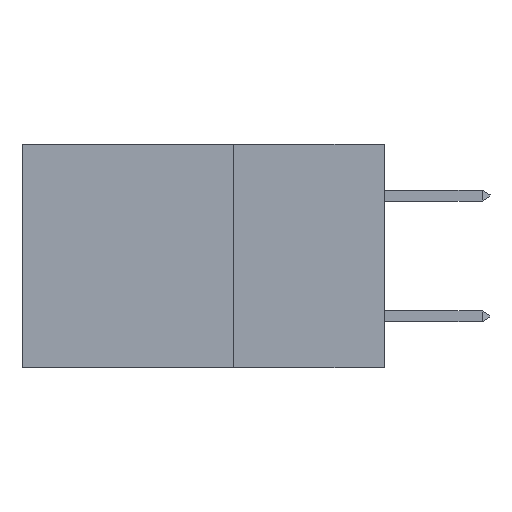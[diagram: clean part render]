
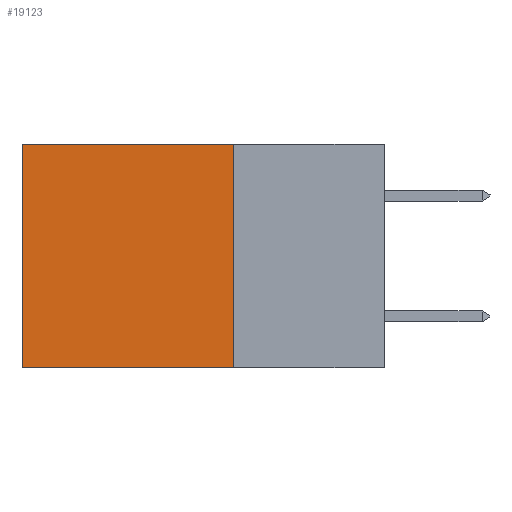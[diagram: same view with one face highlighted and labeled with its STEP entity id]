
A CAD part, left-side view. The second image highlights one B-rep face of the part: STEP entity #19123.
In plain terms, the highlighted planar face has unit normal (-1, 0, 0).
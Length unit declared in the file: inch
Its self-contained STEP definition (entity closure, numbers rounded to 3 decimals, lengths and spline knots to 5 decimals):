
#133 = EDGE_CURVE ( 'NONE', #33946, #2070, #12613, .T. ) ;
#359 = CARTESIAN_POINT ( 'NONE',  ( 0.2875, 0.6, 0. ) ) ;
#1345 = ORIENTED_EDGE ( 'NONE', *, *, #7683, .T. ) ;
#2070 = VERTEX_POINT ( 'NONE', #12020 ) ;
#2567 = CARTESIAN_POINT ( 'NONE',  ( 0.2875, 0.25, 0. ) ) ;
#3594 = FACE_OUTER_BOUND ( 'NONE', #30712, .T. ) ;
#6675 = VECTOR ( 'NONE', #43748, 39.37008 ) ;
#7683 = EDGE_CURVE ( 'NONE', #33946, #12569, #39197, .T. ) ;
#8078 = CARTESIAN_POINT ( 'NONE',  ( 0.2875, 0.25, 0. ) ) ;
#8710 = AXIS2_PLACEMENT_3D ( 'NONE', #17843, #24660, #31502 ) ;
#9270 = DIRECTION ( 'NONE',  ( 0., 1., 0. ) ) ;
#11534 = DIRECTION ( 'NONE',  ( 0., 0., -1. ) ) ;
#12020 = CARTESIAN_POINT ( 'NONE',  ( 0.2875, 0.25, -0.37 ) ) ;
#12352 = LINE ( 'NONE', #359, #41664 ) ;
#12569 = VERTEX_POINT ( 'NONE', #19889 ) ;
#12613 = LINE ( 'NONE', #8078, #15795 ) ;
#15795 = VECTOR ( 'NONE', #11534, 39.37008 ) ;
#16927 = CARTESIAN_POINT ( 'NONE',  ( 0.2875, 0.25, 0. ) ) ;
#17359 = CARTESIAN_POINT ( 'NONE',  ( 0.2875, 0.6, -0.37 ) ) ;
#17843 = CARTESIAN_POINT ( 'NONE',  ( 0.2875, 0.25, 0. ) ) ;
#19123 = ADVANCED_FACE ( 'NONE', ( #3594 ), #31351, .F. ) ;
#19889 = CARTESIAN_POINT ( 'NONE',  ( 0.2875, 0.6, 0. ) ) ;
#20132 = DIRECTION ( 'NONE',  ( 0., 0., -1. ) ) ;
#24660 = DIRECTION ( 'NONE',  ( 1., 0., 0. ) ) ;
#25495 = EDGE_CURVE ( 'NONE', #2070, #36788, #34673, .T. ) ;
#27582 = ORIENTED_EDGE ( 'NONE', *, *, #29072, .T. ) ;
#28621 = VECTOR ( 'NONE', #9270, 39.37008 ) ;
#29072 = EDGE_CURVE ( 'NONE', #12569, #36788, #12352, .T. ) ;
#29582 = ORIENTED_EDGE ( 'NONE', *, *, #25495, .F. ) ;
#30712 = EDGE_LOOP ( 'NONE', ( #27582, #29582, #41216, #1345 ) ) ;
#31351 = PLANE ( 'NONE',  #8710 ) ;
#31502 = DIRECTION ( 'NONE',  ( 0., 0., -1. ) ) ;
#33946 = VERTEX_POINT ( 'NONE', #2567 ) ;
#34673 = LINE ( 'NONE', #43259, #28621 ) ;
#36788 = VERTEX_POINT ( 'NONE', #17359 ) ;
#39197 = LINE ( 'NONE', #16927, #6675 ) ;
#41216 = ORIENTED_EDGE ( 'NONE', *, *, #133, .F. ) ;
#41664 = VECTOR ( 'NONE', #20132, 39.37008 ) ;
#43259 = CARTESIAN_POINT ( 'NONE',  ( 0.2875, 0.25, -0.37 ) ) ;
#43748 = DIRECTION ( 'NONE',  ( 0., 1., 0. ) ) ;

WORK REQUIRED
Nothing but the lines from the one containing "#29072 = EDGE_CURVE" through the final line of the listing above belongs in the answer; set them down exactly.

SOLVED EXERCISE
#29072 = EDGE_CURVE ( 'NONE', #12569, #36788, #12352, .T. ) ;
#29582 = ORIENTED_EDGE ( 'NONE', *, *, #25495, .F. ) ;
#30712 = EDGE_LOOP ( 'NONE', ( #27582, #29582, #41216, #1345 ) ) ;
#31351 = PLANE ( 'NONE',  #8710 ) ;
#31502 = DIRECTION ( 'NONE',  ( 0., 0., -1. ) ) ;
#33946 = VERTEX_POINT ( 'NONE', #2567 ) ;
#34673 = LINE ( 'NONE', #43259, #28621 ) ;
#36788 = VERTEX_POINT ( 'NONE', #17359 ) ;
#39197 = LINE ( 'NONE', #16927, #6675 ) ;
#41216 = ORIENTED_EDGE ( 'NONE', *, *, #133, .F. ) ;
#41664 = VECTOR ( 'NONE', #20132, 39.37008 ) ;
#43259 = CARTESIAN_POINT ( 'NONE',  ( 0.2875, 0.25, -0.37 ) ) ;
#43748 = DIRECTION ( 'NONE',  ( 0., 1., 0. ) ) ;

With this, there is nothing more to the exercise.